Pancreatic cancer (PC) is still one of the major challenges in clinical oncology, with an average overall survival shorter than a year that has not improved significantly in the last decades. Silenseed developed novel treatments for cancer diseases based on its LODER™ (LOcal Drug EluteR) platform, combining proprietary technology of local and prolonged delivery of siRNA (short interfering RNA) with specification and optimization of new targeted siRNA drugs. Over 90% of human pancreatic ductal adenocarcinomas involve gain-of function mutations in the KRAS oncogene. The LODER™ enabled the company to select this KRAS target, thus far considered as an ‘undruggable’ target. Moreover, the LODER™ enables a continuous administration along a few months to support diffusion of drug within the entire tumor tissue, while protecting the siRNA from degradation.
The effects of siG12D LODER on KRAS mRNA and protein levels and on cellular facets related to tumorigenesis were tested in vitro. These studies show a marked decrease in KRAS expression upon treatment and consequent decreases in proliferation, viability and migration. In vivo, the retarding effects of siG12D LODER on tumor growth were shown through both subcutaneous and orthotopic xenografts and synograft models. Downstream signaling changes attesting to treatment specificity – a decrease in ERK signaling and proliferation markers - were demonstrated by western blot and immunohistochemistry. Furthermore, the survival of treated mice was prolonged.

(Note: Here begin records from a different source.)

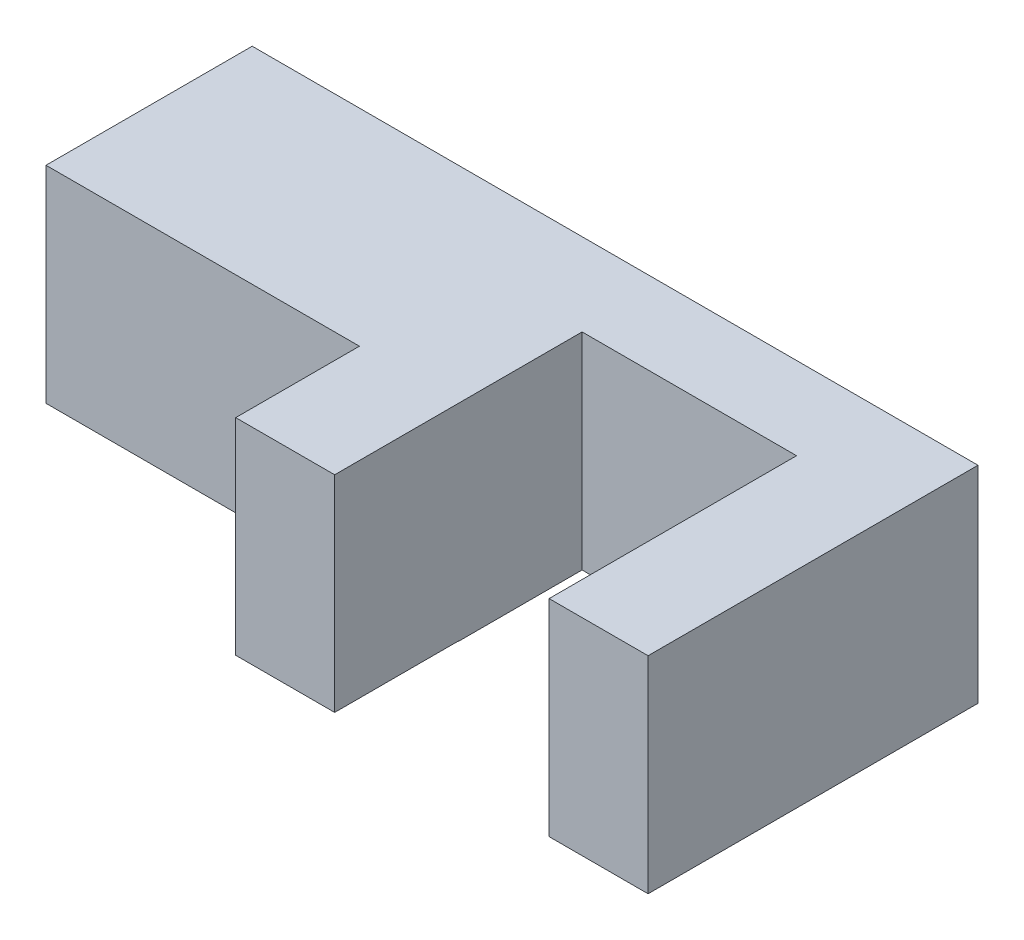
ISO-10303-21;
HEADER;
FILE_DESCRIPTION(('STEP AP214'),'2;1');
FILE_NAME('part.step','',(''),(''),'','','');
FILE_SCHEMA(('AUTOMOTIVE_DESIGN { 1 0 10303 214 1 1 1 1 }'));
ENDSEC;
DATA;
#1=APPLICATION_CONTEXT('core data for automotive mechanical design processes');
#2=APPLICATION_PROTOCOL_DEFINITION('international standard','automotive_design',2000,#1);
#3=PRODUCT_CONTEXT('',#1,'mechanical');
#4=PRODUCT('Part','Part','',(#3));
#5=PRODUCT_RELATED_PRODUCT_CATEGORY('part','',(#4));
#6=PRODUCT_DEFINITION_FORMATION('','',#4);
#7=PRODUCT_DEFINITION_CONTEXT('part definition',#1,'design');
#8=PRODUCT_DEFINITION('design','',#6,#7);
#9=PRODUCT_DEFINITION_SHAPE('','',#8);
#10=(LENGTH_UNIT() NAMED_UNIT(*) SI_UNIT(.MILLI.,.METRE.));
#11=(NAMED_UNIT(*) PLANE_ANGLE_UNIT() SI_UNIT($,.RADIAN.));
#12=(NAMED_UNIT(*) SI_UNIT($,.STERADIAN.) SOLID_ANGLE_UNIT());
#13=UNCERTAINTY_MEASURE_WITH_UNIT(LENGTH_MEASURE(1.E-05),#10,'distance_accuracy_value','');
#14=(GEOMETRIC_REPRESENTATION_CONTEXT(3) GLOBAL_UNCERTAINTY_ASSIGNED_CONTEXT((#13)) GLOBAL_UNIT_ASSIGNED_CONTEXT((#10,
#11,#12)) REPRESENTATION_CONTEXT('',''));
#15=CARTESIAN_POINT('',(0.,0.,0.));
#16=DIRECTION('',(0.,0.,1.));
#17=DIRECTION('',(1.,0.,0.));
#18=AXIS2_PLACEMENT_3D('',#15,#16,#17);
#19=CARTESIAN_POINT('',(54.9,5.,-2.51));
#20=DIRECTION('',(-1.,0.,0.));
#21=DIRECTION('',(0.,0.,1.));
#22=AXIS2_PLACEMENT_3D('',#19,#20,#21);
#23=PLANE('',#22);
#24=DIRECTION('',(0.,0.,-1.));
#25=VECTOR('',#24,1.);
#26=CARTESIAN_POINT('',(54.9,0.,0.));
#27=LINE('',#26,#25);
#28=CARTESIAN_POINT('',(54.9,0.,2.5));
#29=VERTEX_POINT('',#28);
#30=CARTESIAN_POINT('',(54.9,0.,-2.5));
#31=VERTEX_POINT('',#30);
#32=EDGE_CURVE('E133',#29,#31,#27,.T.);
#33=ORIENTED_EDGE('',*,*,#32,.F.);
#34=DIRECTION('',(0.,1.,0.));
#35=VECTOR('',#34,1.);
#36=CARTESIAN_POINT('',(54.9,5.,2.5));
#37=LINE('',#36,#35);
#38=CARTESIAN_POINT('',(54.9,5.,2.5));
#39=VERTEX_POINT('',#38);
#40=EDGE_CURVE('E138',#29,#39,#37,.T.);
#41=ORIENTED_EDGE('',*,*,#40,.T.);
#42=DIRECTION('',(0.,0.,-1.));
#43=VECTOR('',#42,1.);
#44=CARTESIAN_POINT('',(54.9,5.,0.));
#45=LINE('',#44,#43);
#46=CARTESIAN_POINT('',(54.9,5.,-2.5));
#47=VERTEX_POINT('',#46);
#48=EDGE_CURVE('E142',#39,#47,#45,.T.);
#49=ORIENTED_EDGE('',*,*,#48,.T.);
#50=DIRECTION('',(0.,-1.,0.));
#51=VECTOR('',#50,1.);
#52=CARTESIAN_POINT('',(54.9,5.,-2.5));
#53=LINE('',#52,#51);
#54=EDGE_CURVE('E146',#47,#31,#53,.T.);
#55=ORIENTED_EDGE('',*,*,#54,.T.);
#56=EDGE_LOOP('',(#33,#41,#49,#55));
#57=FACE_BOUND('',#56,.T.);
#58=ADVANCED_FACE('F45',(#57),#23,.T.);
#59=CARTESIAN_POINT('',(62.5,5.,2.5));
#60=DIRECTION('',(0.,0.,-1.));
#61=DIRECTION('',(-1.,0.,0.));
#62=AXIS2_PLACEMENT_3D('',#59,#60,#61);
#63=PLANE('',#62);
#64=ORIENTED_EDGE('',*,*,#40,.F.);
#65=DIRECTION('',(1.,0.,0.));
#66=VECTOR('',#65,1.);
#67=CARTESIAN_POINT('',(62.5,0.,2.5));
#68=LINE('',#67,#66);
#69=CARTESIAN_POINT('',(64.9,0.,2.5));
#70=VERTEX_POINT('',#69);
#71=EDGE_CURVE('E49',#29,#70,#68,.T.);
#72=ORIENTED_EDGE('',*,*,#71,.T.);
#73=DIRECTION('',(0.,-1.,0.));
#74=VECTOR('',#73,1.);
#75=CARTESIAN_POINT('',(64.9,5.,2.5));
#76=LINE('',#75,#74);
#77=CARTESIAN_POINT('',(64.9,0.00859696890402346,2.5));
#78=VERTEX_POINT('',#77);
#79=EDGE_CURVE('E189',#78,#70,#76,.T.);
#80=ORIENTED_EDGE('',*,*,#79,.F.);
#81=DIRECTION('',(1.,0.,0.));
#82=VECTOR('',#81,1.);
#83=CARTESIAN_POINT('',(62.5,0.00859696890402346,2.5));
#84=LINE('',#83,#82);
#85=CARTESIAN_POINT('',(62.5,0.00859696890402346,2.5));
#86=VERTEX_POINT('',#85);
#87=EDGE_CURVE('E129',#86,#78,#84,.T.);
#88=ORIENTED_EDGE('',*,*,#87,.F.);
#89=DIRECTION('',(0.,-1.,0.));
#90=VECTOR('',#89,1.);
#91=CARTESIAN_POINT('',(62.5,5.,2.5));
#92=LINE('',#91,#90);
#93=CARTESIAN_POINT('',(62.5,5.,2.5));
#94=VERTEX_POINT('',#93);
#95=EDGE_CURVE('E125',#94,#86,#92,.T.);
#96=ORIENTED_EDGE('',*,*,#95,.F.);
#97=DIRECTION('',(1.,0.,0.));
#98=VECTOR('',#97,1.);
#99=CARTESIAN_POINT('',(62.5,5.,2.5));
#100=LINE('',#99,#98);
#101=EDGE_CURVE('E153',#39,#94,#100,.T.);
#102=ORIENTED_EDGE('',*,*,#101,.F.);
#103=EDGE_LOOP('',(#64,#72,#80,#88,#96,#102));
#104=FACE_BOUND('',#103,.T.);
#105=ADVANCED_FACE('F281',(#104),#63,.F.);
#106=CARTESIAN_POINT('',(0.,5.,0.));
#107=DIRECTION('',(0.,-1.,0.));
#108=DIRECTION('',(0.,0.,-1.));
#109=AXIS2_PLACEMENT_3D('',#106,#107,#108);
#110=PLANE('',#109);
#111=ORIENTED_EDGE('',*,*,#48,.F.);
#112=ORIENTED_EDGE('',*,*,#101,.T.);
#113=DIRECTION('',(0.,0.,-1.));
#114=VECTOR('',#113,1.);
#115=CARTESIAN_POINT('',(62.5,5.,5.5));
#116=LINE('',#115,#114);
#117=CARTESIAN_POINT('',(62.5,5.,5.5));
#118=VERTEX_POINT('',#117);
#119=EDGE_CURVE('E215',#118,#94,#116,.T.);
#120=ORIENTED_EDGE('',*,*,#119,.F.);
#121=DIRECTION('',(-1.,0.,0.));
#122=VECTOR('',#121,1.);
#123=CARTESIAN_POINT('',(62.5,5.,5.5));
#124=LINE('',#123,#122);
#125=CARTESIAN_POINT('',(64.9,5.,5.5));
#126=VERTEX_POINT('',#125);
#127=EDGE_CURVE('E65',#126,#118,#124,.T.);
#128=ORIENTED_EDGE('',*,*,#127,.F.);
#129=DIRECTION('',(0.,0.,1.));
#130=VECTOR('',#129,1.);
#131=CARTESIAN_POINT('',(64.9,5.,-0.5));
#132=LINE('',#131,#130);
#133=CARTESIAN_POINT('',(64.9,5.,-0.5));
#134=VERTEX_POINT('',#133);
#135=EDGE_CURVE('E185',#134,#126,#132,.T.);
#136=ORIENTED_EDGE('',*,*,#135,.F.);
#137=DIRECTION('',(1.,0.,0.));
#138=VECTOR('',#137,1.);
#139=CARTESIAN_POINT('',(64.9,5.,-0.5));
#140=LINE('',#139,#138);
#141=CARTESIAN_POINT('',(70.1,5.,-0.5));
#142=VERTEX_POINT('',#141);
#143=EDGE_CURVE('E192',#134,#142,#140,.T.);
#144=ORIENTED_EDGE('',*,*,#143,.T.);
#145=DIRECTION('',(0.,0.,1.));
#146=VECTOR('',#145,1.);
#147=CARTESIAN_POINT('',(70.1,5.,-0.5));
#148=LINE('',#147,#146);
#149=CARTESIAN_POINT('',(70.1,5.,5.5));
#150=VERTEX_POINT('',#149);
#151=EDGE_CURVE('E109',#142,#150,#148,.T.);
#152=ORIENTED_EDGE('',*,*,#151,.T.);
#153=DIRECTION('',(-1.,0.,0.));
#154=VECTOR('',#153,1.);
#155=CARTESIAN_POINT('',(70.1,5.,5.5));
#156=LINE('',#155,#154);
#157=CARTESIAN_POINT('',(72.5,5.,5.5));
#158=VERTEX_POINT('',#157);
#159=EDGE_CURVE('E123',#158,#150,#156,.T.);
#160=ORIENTED_EDGE('',*,*,#159,.F.);
#161=DIRECTION('',(0.,0.,1.));
#162=VECTOR('',#161,1.);
#163=CARTESIAN_POINT('',(72.5,5.,2.5));
#164=LINE('',#163,#162);
#165=CARTESIAN_POINT('',(72.5,5.,-2.5));
#166=VERTEX_POINT('',#165);
#167=EDGE_CURVE('E164',#166,#158,#164,.T.);
#168=ORIENTED_EDGE('',*,*,#167,.F.);
#169=DIRECTION('',(-1.,0.,0.));
#170=VECTOR('',#169,1.);
#171=CARTESIAN_POINT('',(62.5,5.,-2.5));
#172=LINE('',#171,#170);
#173=EDGE_CURVE('E137',#166,#47,#172,.T.);
#174=ORIENTED_EDGE('',*,*,#173,.T.);
#175=EDGE_LOOP('',(#111,#112,#120,#128,#136,#144,#152,#160,#168,#174));
#176=FACE_BOUND('',#175,.T.);
#177=ADVANCED_FACE('F230',(#176),#110,.F.);
#178=CARTESIAN_POINT('',(0.,0.,0.));
#179=DIRECTION('',(0.,-1.,0.));
#180=DIRECTION('',(0.,0.,-1.));
#181=AXIS2_PLACEMENT_3D('',#178,#179,#180);
#182=PLANE('',#181);
#183=ORIENTED_EDGE('',*,*,#71,.F.);
#184=ORIENTED_EDGE('',*,*,#32,.T.);
#185=DIRECTION('',(-1.,0.,0.));
#186=VECTOR('',#185,1.);
#187=CARTESIAN_POINT('',(62.5,0.,-2.5));
#188=LINE('',#187,#186);
#189=CARTESIAN_POINT('',(72.5,0.,-2.5));
#190=VERTEX_POINT('',#189);
#191=EDGE_CURVE('E155',#190,#31,#188,.T.);
#192=ORIENTED_EDGE('',*,*,#191,.F.);
#193=DIRECTION('',(0.,0.,-1.));
#194=VECTOR('',#193,1.);
#195=CARTESIAN_POINT('',(72.5,0.,2.5));
#196=LINE('',#195,#194);
#197=CARTESIAN_POINT('',(72.5,0.,5.5));
#198=VERTEX_POINT('',#197);
#199=EDGE_CURVE('E90',#198,#190,#196,.T.);
#200=ORIENTED_EDGE('',*,*,#199,.F.);
#201=DIRECTION('',(1.,0.,0.));
#202=VECTOR('',#201,1.);
#203=CARTESIAN_POINT('',(70.1,0.,5.5));
#204=LINE('',#203,#202);
#205=CARTESIAN_POINT('',(70.1,0.,5.5));
#206=VERTEX_POINT('',#205);
#207=EDGE_CURVE('E111',#206,#198,#204,.T.);
#208=ORIENTED_EDGE('',*,*,#207,.F.);
#209=DIRECTION('',(0.,0.,1.));
#210=VECTOR('',#209,1.);
#211=CARTESIAN_POINT('',(70.1,0.,-0.5));
#212=LINE('',#211,#210);
#213=CARTESIAN_POINT('',(70.1,0.,-0.5));
#214=VERTEX_POINT('',#213);
#215=EDGE_CURVE('E97',#214,#206,#212,.T.);
#216=ORIENTED_EDGE('',*,*,#215,.F.);
#217=DIRECTION('',(1.,0.,0.));
#218=VECTOR('',#217,1.);
#219=CARTESIAN_POINT('',(64.9,0.,-0.5));
#220=LINE('',#219,#218);
#221=CARTESIAN_POINT('',(64.9,0.,-0.5));
#222=VERTEX_POINT('',#221);
#223=EDGE_CURVE('E196',#222,#214,#220,.T.);
#224=ORIENTED_EDGE('',*,*,#223,.F.);
#225=DIRECTION('',(0.,0.,1.));
#226=VECTOR('',#225,1.);
#227=CARTESIAN_POINT('',(64.9,0.,-0.5));
#228=LINE('',#227,#226);
#229=EDGE_CURVE('E108',#222,#70,#228,.T.);
#230=ORIENTED_EDGE('',*,*,#229,.T.);
#231=EDGE_LOOP('',(#183,#184,#192,#200,#208,#216,#224,#230));
#232=FACE_BOUND('',#231,.T.);
#233=ADVANCED_FACE('F113',(#232),#182,.T.);
#234=CARTESIAN_POINT('',(62.5,5.,-2.5));
#235=DIRECTION('',(0.,0.,1.));
#236=DIRECTION('',(1.,0.,0.));
#237=AXIS2_PLACEMENT_3D('',#234,#235,#236);
#238=PLANE('',#237);
#239=ORIENTED_EDGE('',*,*,#54,.F.);
#240=ORIENTED_EDGE('',*,*,#173,.F.);
#241=DIRECTION('',(0.,1.,0.));
#242=VECTOR('',#241,1.);
#243=CARTESIAN_POINT('',(72.5,0.,-2.5));
#244=LINE('',#243,#242);
#245=EDGE_CURVE('E170',#190,#166,#244,.T.);
#246=ORIENTED_EDGE('',*,*,#245,.F.);
#247=ORIENTED_EDGE('',*,*,#191,.T.);
#248=EDGE_LOOP('',(#239,#240,#246,#247));
#249=FACE_BOUND('',#248,.T.);
#250=ADVANCED_FACE('F47',(#249),#238,.F.);
#251=CARTESIAN_POINT('',(72.5,0.,0.));
#252=DIRECTION('',(1.,0.,0.));
#253=DIRECTION('',(0.,0.,-1.));
#254=AXIS2_PLACEMENT_3D('',#251,#252,#253);
#255=PLANE('',#254);
#256=ORIENTED_EDGE('',*,*,#199,.T.);
#257=ORIENTED_EDGE('',*,*,#245,.T.);
#258=ORIENTED_EDGE('',*,*,#167,.T.);
#259=DIRECTION('',(0.,1.,0.));
#260=VECTOR('',#259,1.);
#261=CARTESIAN_POINT('',(72.5,5.,5.5));
#262=LINE('',#261,#260);
#263=EDGE_CURVE('E118',#198,#158,#262,.T.);
#264=ORIENTED_EDGE('',*,*,#263,.F.);
#265=EDGE_LOOP('',(#256,#257,#258,#264));
#266=FACE_BOUND('',#265,.T.);
#267=ADVANCED_FACE('F274',(#266),#255,.T.);
#268=CARTESIAN_POINT('',(70.1,5.,-0.5));
#269=DIRECTION('',(-1.,0.,0.));
#270=DIRECTION('',(0.,0.,1.));
#271=AXIS2_PLACEMENT_3D('',#268,#269,#270);
#272=PLANE('',#271);
#273=ORIENTED_EDGE('',*,*,#215,.T.);
#274=DIRECTION('',(0.,-1.,0.));
#275=VECTOR('',#274,1.);
#276=CARTESIAN_POINT('',(70.1,5.,5.5));
#277=LINE('',#276,#275);
#278=EDGE_CURVE('E101',#150,#206,#277,.T.);
#279=ORIENTED_EDGE('',*,*,#278,.F.);
#280=ORIENTED_EDGE('',*,*,#151,.F.);
#281=DIRECTION('',(0.,-1.,0.));
#282=VECTOR('',#281,1.);
#283=CARTESIAN_POINT('',(70.1,5.,-0.5));
#284=LINE('',#283,#282);
#285=EDGE_CURVE('E104',#142,#214,#284,.T.);
#286=ORIENTED_EDGE('',*,*,#285,.T.);
#287=EDGE_LOOP('',(#273,#279,#280,#286));
#288=FACE_BOUND('',#287,.T.);
#289=ADVANCED_FACE('F98',(#288),#272,.T.);
#290=CARTESIAN_POINT('',(64.9,5.,-0.5));
#291=DIRECTION('',(-1.,0.,0.));
#292=DIRECTION('',(0.,0.,1.));
#293=AXIS2_PLACEMENT_3D('',#290,#291,#292);
#294=PLANE('',#293);
#295=ORIENTED_EDGE('',*,*,#135,.T.);
#296=DIRECTION('',(0.,1.,0.));
#297=VECTOR('',#296,1.);
#298=CARTESIAN_POINT('',(64.9,5.,5.5));
#299=LINE('',#298,#297);
#300=CARTESIAN_POINT('',(64.9,0.00859696890402346,5.5));
#301=VERTEX_POINT('',#300);
#302=EDGE_CURVE('E211',#301,#126,#299,.T.);
#303=ORIENTED_EDGE('',*,*,#302,.F.);
#304=DIRECTION('',(0.,0.,-1.));
#305=VECTOR('',#304,1.);
#306=CARTESIAN_POINT('',(64.9,0.00859696890402346,5.5));
#307=LINE('',#306,#305);
#308=EDGE_CURVE('E56',#301,#78,#307,.T.);
#309=ORIENTED_EDGE('',*,*,#308,.T.);
#310=ORIENTED_EDGE('',*,*,#79,.T.);
#311=ORIENTED_EDGE('',*,*,#229,.F.);
#312=DIRECTION('',(0.,-1.,0.));
#313=VECTOR('',#312,1.);
#314=CARTESIAN_POINT('',(64.9,5.,-0.5));
#315=LINE('',#314,#313);
#316=EDGE_CURVE('E188',#134,#222,#315,.T.);
#317=ORIENTED_EDGE('',*,*,#316,.F.);
#318=EDGE_LOOP('',(#295,#303,#309,#310,#311,#317));
#319=FACE_BOUND('',#318,.T.);
#320=ADVANCED_FACE('F253',(#319),#294,.F.);
#321=CARTESIAN_POINT('',(0.,0.,-0.5));
#322=DIRECTION('',(0.,0.,-1.));
#323=DIRECTION('',(-1.,0.,0.));
#324=AXIS2_PLACEMENT_3D('',#321,#322,#323);
#325=PLANE('',#324);
#326=ORIENTED_EDGE('',*,*,#143,.F.);
#327=ORIENTED_EDGE('',*,*,#316,.T.);
#328=ORIENTED_EDGE('',*,*,#223,.T.);
#329=ORIENTED_EDGE('',*,*,#285,.F.);
#330=EDGE_LOOP('',(#326,#327,#328,#329));
#331=FACE_BOUND('',#330,.T.);
#332=ADVANCED_FACE('F295',(#331),#325,.F.);
#333=CARTESIAN_POINT('',(62.5,5.,5.5));
#334=DIRECTION('',(1.,0.,0.));
#335=DIRECTION('',(0.,0.,-1.));
#336=AXIS2_PLACEMENT_3D('',#333,#334,#335);
#337=PLANE('',#336);
#338=ORIENTED_EDGE('',*,*,#95,.T.);
#339=DIRECTION('',(0.,0.,-1.));
#340=VECTOR('',#339,1.);
#341=CARTESIAN_POINT('',(62.5,0.00859696890402346,5.5));
#342=LINE('',#341,#340);
#343=CARTESIAN_POINT('',(62.5,0.00859696890402346,5.5));
#344=VERTEX_POINT('',#343);
#345=EDGE_CURVE('E11',#344,#86,#342,.T.);
#346=ORIENTED_EDGE('',*,*,#345,.F.);
#347=DIRECTION('',(0.,-1.,0.));
#348=VECTOR('',#347,1.);
#349=CARTESIAN_POINT('',(62.5,5.,5.5));
#350=LINE('',#349,#348);
#351=EDGE_CURVE('E204',#118,#344,#350,.T.);
#352=ORIENTED_EDGE('',*,*,#351,.F.);
#353=ORIENTED_EDGE('',*,*,#119,.T.);
#354=EDGE_LOOP('',(#338,#346,#352,#353));
#355=FACE_BOUND('',#354,.T.);
#356=ADVANCED_FACE('F292',(#355),#337,.F.);
#357=CARTESIAN_POINT('',(62.5,0.00859696890402346,5.5));
#358=DIRECTION('',(0.,1.,0.));
#359=DIRECTION('',(0.,0.,1.));
#360=AXIS2_PLACEMENT_3D('',#357,#358,#359);
#361=PLANE('',#360);
#362=ORIENTED_EDGE('',*,*,#87,.T.);
#363=ORIENTED_EDGE('',*,*,#308,.F.);
#364=DIRECTION('',(1.,0.,0.));
#365=VECTOR('',#364,1.);
#366=CARTESIAN_POINT('',(62.5,0.00859696890402346,5.5));
#367=LINE('',#366,#365);
#368=EDGE_CURVE('E207',#344,#301,#367,.T.);
#369=ORIENTED_EDGE('',*,*,#368,.F.);
#370=ORIENTED_EDGE('',*,*,#345,.T.);
#371=EDGE_LOOP('',(#362,#363,#369,#370));
#372=FACE_BOUND('',#371,.T.);
#373=ADVANCED_FACE('F249',(#372),#361,.F.);
#374=CARTESIAN_POINT('',(0.,0.,5.5));
#375=DIRECTION('',(0.,0.,1.));
#376=DIRECTION('',(1.,0.,0.));
#377=AXIS2_PLACEMENT_3D('',#374,#375,#376);
#378=PLANE('',#377);
#379=ORIENTED_EDGE('',*,*,#351,.T.);
#380=ORIENTED_EDGE('',*,*,#368,.T.);
#381=ORIENTED_EDGE('',*,*,#302,.T.);
#382=ORIENTED_EDGE('',*,*,#127,.T.);
#383=EDGE_LOOP('',(#379,#380,#381,#382));
#384=FACE_BOUND('',#383,.T.);
#385=ADVANCED_FACE('F244',(#384),#378,.T.);
#386=CARTESIAN_POINT('',(0.,0.,5.5));
#387=DIRECTION('',(0.,0.,1.));
#388=DIRECTION('',(1.,0.,0.));
#389=AXIS2_PLACEMENT_3D('',#386,#387,#388);
#390=PLANE('',#389);
#391=ORIENTED_EDGE('',*,*,#278,.T.);
#392=ORIENTED_EDGE('',*,*,#207,.T.);
#393=ORIENTED_EDGE('',*,*,#263,.T.);
#394=ORIENTED_EDGE('',*,*,#159,.T.);
#395=EDGE_LOOP('',(#391,#392,#393,#394));
#396=FACE_BOUND('',#395,.T.);
#397=ADVANCED_FACE('F121',(#396),#390,.T.);
#398=CLOSED_SHELL('',(#58,#105,#177,#233,#250,#267,#289,#320,#332,#356,#373,#385,#397));
#399=MANIFOLD_SOLID_BREP('B2',#398);
#400=ADVANCED_BREP_SHAPE_REPRESENTATION('',(#18,#399),#14);
#401=SHAPE_DEFINITION_REPRESENTATION(#9,#400);
ENDSEC;
END-ISO-10303-21;

Following these successful pre-clinical studies, a Phase I clinical study has been carried out on non-operable non-metastatic patients (NCT01188785). Full tolerability and safety have been confirmed. Moreover, encouraging early evidences show halting of tumor growth, decrease in tumor serum marker CA19-9 and extension of overall survival. Phase II study (NCT01676259) is now in preparation.